> **Aim of the exercise**:
Below are lines of data, and only some are wanted. Please repeat exactly those from the line that has "optimization_offset_A : Constant" through the line that has "Demux/3 -> C".

> **Input data**:
────────

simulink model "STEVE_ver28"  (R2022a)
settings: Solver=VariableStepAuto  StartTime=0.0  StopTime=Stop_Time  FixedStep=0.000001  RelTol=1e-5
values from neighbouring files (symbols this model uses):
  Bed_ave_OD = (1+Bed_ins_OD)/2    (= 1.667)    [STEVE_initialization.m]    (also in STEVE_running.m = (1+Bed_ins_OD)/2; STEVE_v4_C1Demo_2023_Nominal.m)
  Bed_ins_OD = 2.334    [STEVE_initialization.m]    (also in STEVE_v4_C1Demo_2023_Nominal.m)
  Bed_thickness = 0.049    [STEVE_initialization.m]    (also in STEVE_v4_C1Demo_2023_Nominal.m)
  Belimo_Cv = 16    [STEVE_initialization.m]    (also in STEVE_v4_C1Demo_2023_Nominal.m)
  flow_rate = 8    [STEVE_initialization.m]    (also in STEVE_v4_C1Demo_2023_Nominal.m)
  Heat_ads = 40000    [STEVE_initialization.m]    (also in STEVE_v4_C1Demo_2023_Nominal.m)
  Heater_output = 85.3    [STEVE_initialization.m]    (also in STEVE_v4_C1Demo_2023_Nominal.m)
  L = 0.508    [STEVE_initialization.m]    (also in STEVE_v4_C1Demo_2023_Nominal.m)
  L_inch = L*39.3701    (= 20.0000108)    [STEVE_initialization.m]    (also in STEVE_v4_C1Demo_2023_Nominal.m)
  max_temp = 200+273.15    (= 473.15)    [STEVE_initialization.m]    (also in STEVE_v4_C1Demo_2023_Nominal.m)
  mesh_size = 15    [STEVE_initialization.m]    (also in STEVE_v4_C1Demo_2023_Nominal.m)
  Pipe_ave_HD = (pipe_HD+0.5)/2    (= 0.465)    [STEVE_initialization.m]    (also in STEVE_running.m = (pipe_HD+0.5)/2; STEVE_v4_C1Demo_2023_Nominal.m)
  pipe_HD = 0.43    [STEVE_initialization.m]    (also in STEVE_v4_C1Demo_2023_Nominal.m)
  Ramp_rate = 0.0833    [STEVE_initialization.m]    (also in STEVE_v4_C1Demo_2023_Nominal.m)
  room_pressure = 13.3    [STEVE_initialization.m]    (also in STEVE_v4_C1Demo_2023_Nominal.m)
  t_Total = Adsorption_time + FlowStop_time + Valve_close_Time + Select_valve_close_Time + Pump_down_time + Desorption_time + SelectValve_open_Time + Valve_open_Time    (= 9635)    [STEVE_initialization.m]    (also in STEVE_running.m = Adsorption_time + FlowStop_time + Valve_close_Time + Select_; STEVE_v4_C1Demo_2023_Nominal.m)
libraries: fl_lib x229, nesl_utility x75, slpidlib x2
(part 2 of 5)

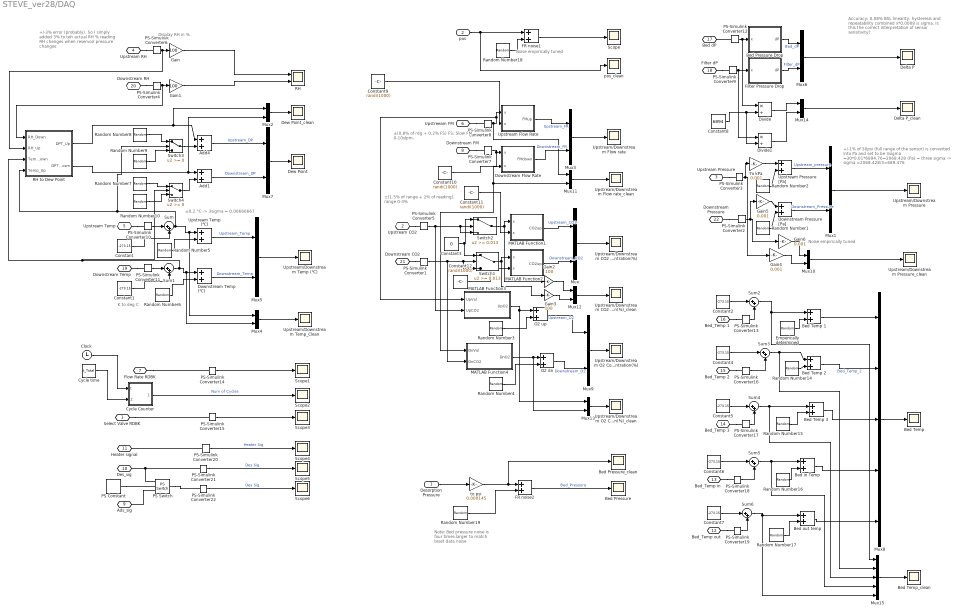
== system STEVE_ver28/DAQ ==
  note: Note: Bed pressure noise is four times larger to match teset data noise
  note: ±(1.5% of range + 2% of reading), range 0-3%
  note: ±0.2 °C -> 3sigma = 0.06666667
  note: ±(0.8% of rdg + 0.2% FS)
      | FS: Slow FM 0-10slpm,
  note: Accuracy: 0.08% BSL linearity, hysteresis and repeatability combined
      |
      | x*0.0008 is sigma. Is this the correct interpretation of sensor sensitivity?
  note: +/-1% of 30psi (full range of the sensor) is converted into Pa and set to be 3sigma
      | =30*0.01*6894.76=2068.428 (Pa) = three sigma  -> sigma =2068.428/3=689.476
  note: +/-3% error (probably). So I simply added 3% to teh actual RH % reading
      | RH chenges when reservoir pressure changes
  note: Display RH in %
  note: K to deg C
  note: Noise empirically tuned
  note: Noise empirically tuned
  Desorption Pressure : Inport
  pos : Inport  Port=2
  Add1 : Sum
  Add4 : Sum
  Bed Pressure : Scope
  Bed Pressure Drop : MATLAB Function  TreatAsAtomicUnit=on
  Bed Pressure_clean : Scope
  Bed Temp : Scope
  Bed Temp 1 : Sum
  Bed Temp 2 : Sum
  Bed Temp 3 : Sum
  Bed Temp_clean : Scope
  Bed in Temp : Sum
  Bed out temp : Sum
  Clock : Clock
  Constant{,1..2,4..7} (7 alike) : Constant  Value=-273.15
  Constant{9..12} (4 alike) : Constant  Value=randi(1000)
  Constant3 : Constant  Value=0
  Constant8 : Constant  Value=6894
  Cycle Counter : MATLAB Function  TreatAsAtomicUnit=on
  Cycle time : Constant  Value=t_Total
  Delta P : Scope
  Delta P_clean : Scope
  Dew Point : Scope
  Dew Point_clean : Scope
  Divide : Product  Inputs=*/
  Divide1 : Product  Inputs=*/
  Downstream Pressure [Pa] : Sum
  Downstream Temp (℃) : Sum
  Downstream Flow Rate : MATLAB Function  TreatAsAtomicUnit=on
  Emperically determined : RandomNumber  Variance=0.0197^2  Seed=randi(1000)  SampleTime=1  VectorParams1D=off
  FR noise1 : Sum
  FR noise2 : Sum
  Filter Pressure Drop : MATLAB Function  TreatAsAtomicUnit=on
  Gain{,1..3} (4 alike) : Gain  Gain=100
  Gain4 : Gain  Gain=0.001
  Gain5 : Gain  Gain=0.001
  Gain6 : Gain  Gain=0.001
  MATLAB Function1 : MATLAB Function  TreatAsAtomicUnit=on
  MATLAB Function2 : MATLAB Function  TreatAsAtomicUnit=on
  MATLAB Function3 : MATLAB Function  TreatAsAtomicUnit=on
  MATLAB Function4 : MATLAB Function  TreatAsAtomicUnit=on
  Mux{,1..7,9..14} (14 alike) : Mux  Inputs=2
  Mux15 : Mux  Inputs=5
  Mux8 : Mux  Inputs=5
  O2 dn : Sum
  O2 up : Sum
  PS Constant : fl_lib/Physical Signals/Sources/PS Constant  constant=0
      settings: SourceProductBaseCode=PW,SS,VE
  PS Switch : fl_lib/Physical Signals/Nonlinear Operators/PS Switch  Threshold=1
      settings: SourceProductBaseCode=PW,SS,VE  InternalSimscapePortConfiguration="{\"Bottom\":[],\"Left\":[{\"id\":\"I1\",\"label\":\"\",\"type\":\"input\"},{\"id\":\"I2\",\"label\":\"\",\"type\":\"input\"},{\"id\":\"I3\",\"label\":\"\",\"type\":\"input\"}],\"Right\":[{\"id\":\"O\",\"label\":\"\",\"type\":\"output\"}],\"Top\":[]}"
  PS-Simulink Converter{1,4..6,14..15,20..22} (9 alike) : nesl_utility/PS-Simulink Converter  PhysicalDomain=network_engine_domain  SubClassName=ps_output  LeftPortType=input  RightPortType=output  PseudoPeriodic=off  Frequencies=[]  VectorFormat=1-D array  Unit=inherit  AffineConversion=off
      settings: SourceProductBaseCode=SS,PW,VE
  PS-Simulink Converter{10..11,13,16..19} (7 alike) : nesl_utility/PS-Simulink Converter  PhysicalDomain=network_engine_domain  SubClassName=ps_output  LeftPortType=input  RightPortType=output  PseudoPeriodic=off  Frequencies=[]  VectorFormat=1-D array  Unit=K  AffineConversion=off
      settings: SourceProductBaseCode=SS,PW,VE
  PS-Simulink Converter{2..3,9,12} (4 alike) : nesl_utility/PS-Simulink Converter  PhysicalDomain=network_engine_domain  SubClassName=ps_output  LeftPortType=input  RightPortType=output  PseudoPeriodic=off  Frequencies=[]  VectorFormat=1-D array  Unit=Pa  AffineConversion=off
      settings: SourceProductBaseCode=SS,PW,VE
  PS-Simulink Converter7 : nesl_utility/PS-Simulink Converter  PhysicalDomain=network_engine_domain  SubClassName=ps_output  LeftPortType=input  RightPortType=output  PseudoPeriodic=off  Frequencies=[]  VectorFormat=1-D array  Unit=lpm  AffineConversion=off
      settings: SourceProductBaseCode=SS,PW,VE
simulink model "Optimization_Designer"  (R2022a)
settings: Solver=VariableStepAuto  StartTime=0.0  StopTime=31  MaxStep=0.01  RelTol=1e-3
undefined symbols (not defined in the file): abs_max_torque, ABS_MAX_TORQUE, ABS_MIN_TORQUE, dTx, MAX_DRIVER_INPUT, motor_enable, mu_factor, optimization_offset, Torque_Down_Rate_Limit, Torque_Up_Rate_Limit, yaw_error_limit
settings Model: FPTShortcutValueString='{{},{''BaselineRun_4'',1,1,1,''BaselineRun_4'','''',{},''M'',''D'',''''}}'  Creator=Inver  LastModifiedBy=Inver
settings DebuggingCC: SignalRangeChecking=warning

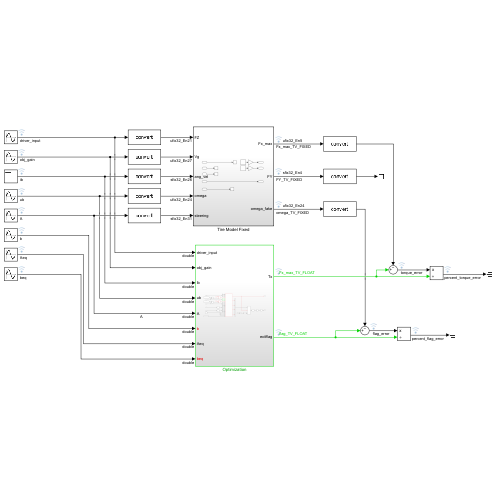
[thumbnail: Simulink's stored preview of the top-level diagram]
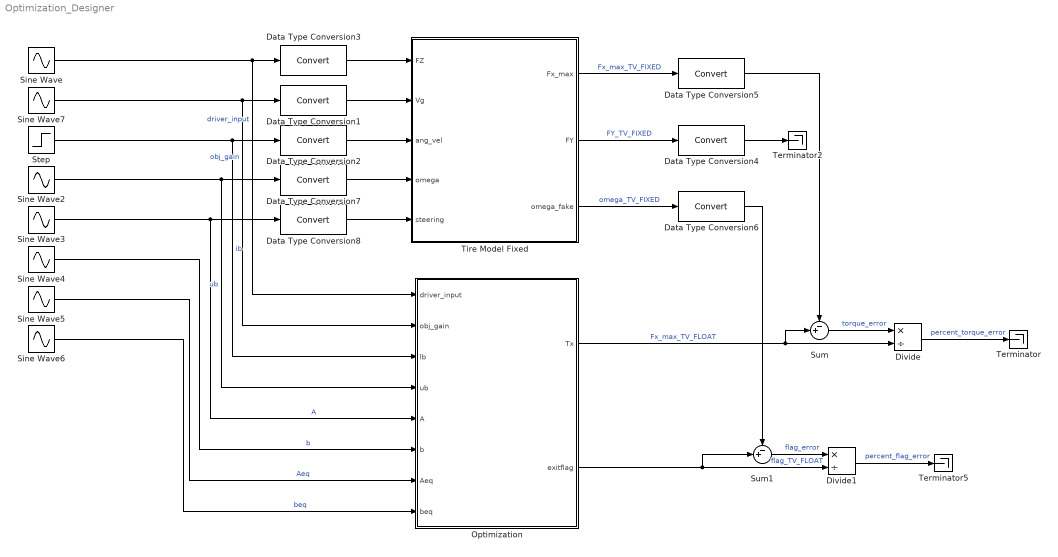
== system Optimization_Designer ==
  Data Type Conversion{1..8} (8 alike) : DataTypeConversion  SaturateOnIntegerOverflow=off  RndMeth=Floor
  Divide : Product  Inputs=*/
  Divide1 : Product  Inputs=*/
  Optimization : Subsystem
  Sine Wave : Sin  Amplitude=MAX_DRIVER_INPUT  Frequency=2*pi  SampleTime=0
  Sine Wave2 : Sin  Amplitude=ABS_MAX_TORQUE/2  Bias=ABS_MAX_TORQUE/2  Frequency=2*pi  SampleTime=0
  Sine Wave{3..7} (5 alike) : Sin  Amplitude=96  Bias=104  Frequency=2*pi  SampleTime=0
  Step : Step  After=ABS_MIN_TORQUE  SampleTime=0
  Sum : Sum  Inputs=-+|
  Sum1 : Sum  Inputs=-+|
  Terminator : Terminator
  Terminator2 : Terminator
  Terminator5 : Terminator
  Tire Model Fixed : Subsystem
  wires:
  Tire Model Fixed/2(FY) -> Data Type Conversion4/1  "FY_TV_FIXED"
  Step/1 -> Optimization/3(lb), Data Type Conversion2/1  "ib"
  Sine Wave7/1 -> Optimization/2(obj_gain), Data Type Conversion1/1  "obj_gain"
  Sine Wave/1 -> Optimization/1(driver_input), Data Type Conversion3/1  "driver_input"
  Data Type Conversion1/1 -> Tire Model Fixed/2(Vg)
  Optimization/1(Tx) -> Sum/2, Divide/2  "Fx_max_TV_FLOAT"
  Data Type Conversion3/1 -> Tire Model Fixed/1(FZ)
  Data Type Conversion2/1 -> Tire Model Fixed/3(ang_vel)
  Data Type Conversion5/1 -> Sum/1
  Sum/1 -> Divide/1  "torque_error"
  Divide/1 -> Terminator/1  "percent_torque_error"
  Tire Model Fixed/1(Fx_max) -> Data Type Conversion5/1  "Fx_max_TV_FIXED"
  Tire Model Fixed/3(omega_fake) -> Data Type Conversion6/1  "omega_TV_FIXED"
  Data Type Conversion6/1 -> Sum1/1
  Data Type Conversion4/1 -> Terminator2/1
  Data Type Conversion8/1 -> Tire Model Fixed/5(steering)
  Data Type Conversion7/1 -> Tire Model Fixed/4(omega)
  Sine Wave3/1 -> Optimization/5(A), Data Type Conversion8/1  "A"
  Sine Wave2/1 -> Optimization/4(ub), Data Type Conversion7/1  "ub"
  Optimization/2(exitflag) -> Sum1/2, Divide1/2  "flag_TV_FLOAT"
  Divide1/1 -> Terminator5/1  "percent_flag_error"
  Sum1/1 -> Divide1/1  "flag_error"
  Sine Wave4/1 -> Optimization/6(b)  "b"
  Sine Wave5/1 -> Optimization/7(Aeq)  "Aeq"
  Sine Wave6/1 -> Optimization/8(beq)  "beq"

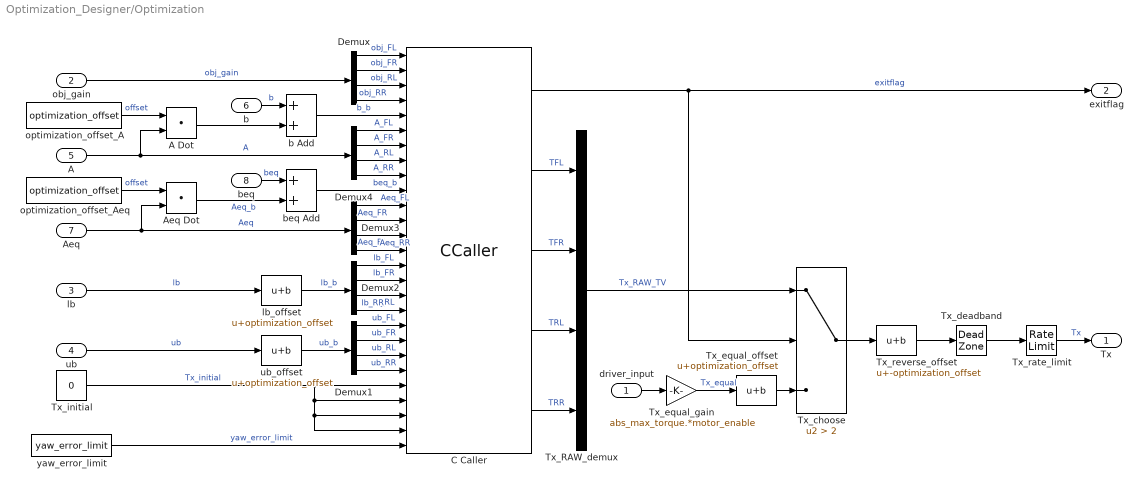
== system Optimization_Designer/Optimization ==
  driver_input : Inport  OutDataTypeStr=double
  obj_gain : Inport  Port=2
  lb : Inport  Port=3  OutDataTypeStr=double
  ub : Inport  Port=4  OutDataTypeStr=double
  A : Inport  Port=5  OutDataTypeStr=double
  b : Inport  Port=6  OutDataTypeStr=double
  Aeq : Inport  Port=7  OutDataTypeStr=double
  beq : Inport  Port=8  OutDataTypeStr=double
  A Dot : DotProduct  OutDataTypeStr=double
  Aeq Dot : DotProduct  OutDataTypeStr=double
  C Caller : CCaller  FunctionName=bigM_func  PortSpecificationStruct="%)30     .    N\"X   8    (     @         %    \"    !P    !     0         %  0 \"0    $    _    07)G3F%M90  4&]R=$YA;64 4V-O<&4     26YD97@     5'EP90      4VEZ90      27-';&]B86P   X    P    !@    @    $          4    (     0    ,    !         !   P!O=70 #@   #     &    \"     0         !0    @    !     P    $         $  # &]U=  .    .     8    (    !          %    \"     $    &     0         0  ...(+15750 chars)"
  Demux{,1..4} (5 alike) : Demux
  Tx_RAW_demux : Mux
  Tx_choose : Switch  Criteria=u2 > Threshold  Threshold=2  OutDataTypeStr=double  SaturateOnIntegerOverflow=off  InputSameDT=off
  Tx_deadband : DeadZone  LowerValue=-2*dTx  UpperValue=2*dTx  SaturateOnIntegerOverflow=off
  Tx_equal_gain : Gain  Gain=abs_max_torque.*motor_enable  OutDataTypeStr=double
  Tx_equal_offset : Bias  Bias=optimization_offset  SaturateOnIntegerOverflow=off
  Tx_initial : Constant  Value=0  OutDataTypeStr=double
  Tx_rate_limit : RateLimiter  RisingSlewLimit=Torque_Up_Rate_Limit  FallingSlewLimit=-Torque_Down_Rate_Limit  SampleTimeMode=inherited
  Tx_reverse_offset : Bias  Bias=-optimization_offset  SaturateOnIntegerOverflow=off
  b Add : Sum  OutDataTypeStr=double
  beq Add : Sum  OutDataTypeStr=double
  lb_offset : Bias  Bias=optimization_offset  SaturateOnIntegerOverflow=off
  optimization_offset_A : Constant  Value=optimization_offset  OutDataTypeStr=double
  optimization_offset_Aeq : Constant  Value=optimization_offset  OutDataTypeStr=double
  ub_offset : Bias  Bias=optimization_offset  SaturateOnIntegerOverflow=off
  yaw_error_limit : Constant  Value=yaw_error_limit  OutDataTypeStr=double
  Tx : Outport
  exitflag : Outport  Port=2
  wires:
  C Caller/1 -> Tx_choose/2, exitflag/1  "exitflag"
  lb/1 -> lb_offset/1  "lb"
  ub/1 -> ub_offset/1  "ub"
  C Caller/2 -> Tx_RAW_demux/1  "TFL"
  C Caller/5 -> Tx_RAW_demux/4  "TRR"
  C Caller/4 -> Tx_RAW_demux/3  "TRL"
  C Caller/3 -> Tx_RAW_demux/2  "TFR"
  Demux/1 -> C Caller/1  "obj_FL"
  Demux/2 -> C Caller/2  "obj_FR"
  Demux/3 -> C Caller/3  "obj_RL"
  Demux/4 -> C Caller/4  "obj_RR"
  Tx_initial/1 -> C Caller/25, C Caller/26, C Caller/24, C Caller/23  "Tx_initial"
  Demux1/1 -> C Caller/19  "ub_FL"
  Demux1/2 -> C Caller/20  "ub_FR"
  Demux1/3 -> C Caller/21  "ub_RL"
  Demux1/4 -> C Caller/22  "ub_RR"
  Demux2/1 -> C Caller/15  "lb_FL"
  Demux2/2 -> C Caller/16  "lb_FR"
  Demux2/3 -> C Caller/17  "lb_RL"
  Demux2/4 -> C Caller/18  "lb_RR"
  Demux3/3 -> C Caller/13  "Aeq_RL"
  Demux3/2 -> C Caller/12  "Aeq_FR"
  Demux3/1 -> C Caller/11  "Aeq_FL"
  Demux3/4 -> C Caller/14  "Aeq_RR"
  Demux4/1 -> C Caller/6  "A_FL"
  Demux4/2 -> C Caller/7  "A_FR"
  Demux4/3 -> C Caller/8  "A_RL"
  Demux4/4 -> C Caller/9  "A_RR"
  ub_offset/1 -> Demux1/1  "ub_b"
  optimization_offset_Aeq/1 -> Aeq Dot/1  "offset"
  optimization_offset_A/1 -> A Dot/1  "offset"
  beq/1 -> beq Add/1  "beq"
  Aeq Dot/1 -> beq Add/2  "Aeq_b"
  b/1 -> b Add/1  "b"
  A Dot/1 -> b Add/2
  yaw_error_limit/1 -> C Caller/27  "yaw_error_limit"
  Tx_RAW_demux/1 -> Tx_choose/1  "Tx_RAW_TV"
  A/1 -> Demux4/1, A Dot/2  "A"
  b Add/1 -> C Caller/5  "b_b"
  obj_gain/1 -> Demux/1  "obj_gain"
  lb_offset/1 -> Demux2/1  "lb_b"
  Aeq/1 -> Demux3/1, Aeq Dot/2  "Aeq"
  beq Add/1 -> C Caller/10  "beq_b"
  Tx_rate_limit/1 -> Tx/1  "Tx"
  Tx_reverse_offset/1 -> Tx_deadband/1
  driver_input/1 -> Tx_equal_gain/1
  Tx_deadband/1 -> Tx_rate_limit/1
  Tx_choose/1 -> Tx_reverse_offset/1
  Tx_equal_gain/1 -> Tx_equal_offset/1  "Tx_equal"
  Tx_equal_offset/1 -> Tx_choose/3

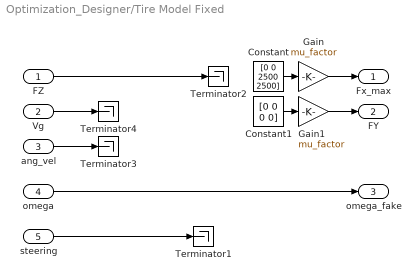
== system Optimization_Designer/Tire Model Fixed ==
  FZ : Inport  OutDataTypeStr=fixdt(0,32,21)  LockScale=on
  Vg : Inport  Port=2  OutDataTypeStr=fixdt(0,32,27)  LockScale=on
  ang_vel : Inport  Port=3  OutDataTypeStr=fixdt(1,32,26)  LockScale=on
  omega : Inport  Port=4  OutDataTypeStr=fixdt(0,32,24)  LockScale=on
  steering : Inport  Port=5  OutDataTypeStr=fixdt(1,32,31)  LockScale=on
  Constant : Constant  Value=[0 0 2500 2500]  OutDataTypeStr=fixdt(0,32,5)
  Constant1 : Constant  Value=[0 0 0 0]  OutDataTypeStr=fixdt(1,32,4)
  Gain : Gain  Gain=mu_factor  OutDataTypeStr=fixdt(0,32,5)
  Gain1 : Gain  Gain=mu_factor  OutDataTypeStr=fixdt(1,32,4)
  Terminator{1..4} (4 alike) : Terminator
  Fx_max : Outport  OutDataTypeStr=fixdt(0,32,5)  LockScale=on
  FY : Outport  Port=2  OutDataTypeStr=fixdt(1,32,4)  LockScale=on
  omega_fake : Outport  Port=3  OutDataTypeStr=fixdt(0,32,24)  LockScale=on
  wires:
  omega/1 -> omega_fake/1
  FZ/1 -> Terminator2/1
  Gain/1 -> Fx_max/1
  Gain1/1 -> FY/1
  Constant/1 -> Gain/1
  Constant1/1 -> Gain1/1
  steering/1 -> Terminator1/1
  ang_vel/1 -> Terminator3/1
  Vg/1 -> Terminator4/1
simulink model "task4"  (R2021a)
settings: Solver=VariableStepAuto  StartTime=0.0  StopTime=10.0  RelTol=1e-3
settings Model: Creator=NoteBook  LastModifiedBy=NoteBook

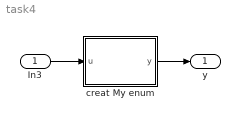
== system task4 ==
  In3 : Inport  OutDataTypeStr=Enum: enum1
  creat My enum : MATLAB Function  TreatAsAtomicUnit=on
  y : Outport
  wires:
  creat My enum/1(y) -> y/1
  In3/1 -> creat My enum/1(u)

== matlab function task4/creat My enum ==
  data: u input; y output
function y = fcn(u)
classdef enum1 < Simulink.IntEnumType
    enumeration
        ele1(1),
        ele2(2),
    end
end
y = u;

────────

> **Response to the task**:
  optimization_offset_A : Constant  Value=optimization_offset  OutDataTypeStr=double
  optimization_offset_Aeq : Constant  Value=optimization_offset  OutDataTypeStr=double
  ub_offset : Bias  Bias=optimization_offset  SaturateOnIntegerOverflow=off
  yaw_error_limit : Constant  Value=yaw_error_limit  OutDataTypeStr=double
  Tx : Outport
  exitflag : Outport  Port=2
  wires:
  C Caller/1 -> Tx_choose/2, exitflag/1  "exitflag"
  lb/1 -> lb_offset/1  "lb"
  ub/1 -> ub_offset/1  "ub"
  C Caller/2 -> Tx_RAW_demux/1  "TFL"
  C Caller/5 -> Tx_RAW_demux/4  "TRR"
  C Caller/4 -> Tx_RAW_demux/3  "TRL"
  C Caller/3 -> Tx_RAW_demux/2  "TFR"
  Demux/1 -> C Caller/1  "obj_FL"
  Demux/2 -> C Caller/2  "obj_FR"
  Demux/3 -> C Caller/3  "obj_RL"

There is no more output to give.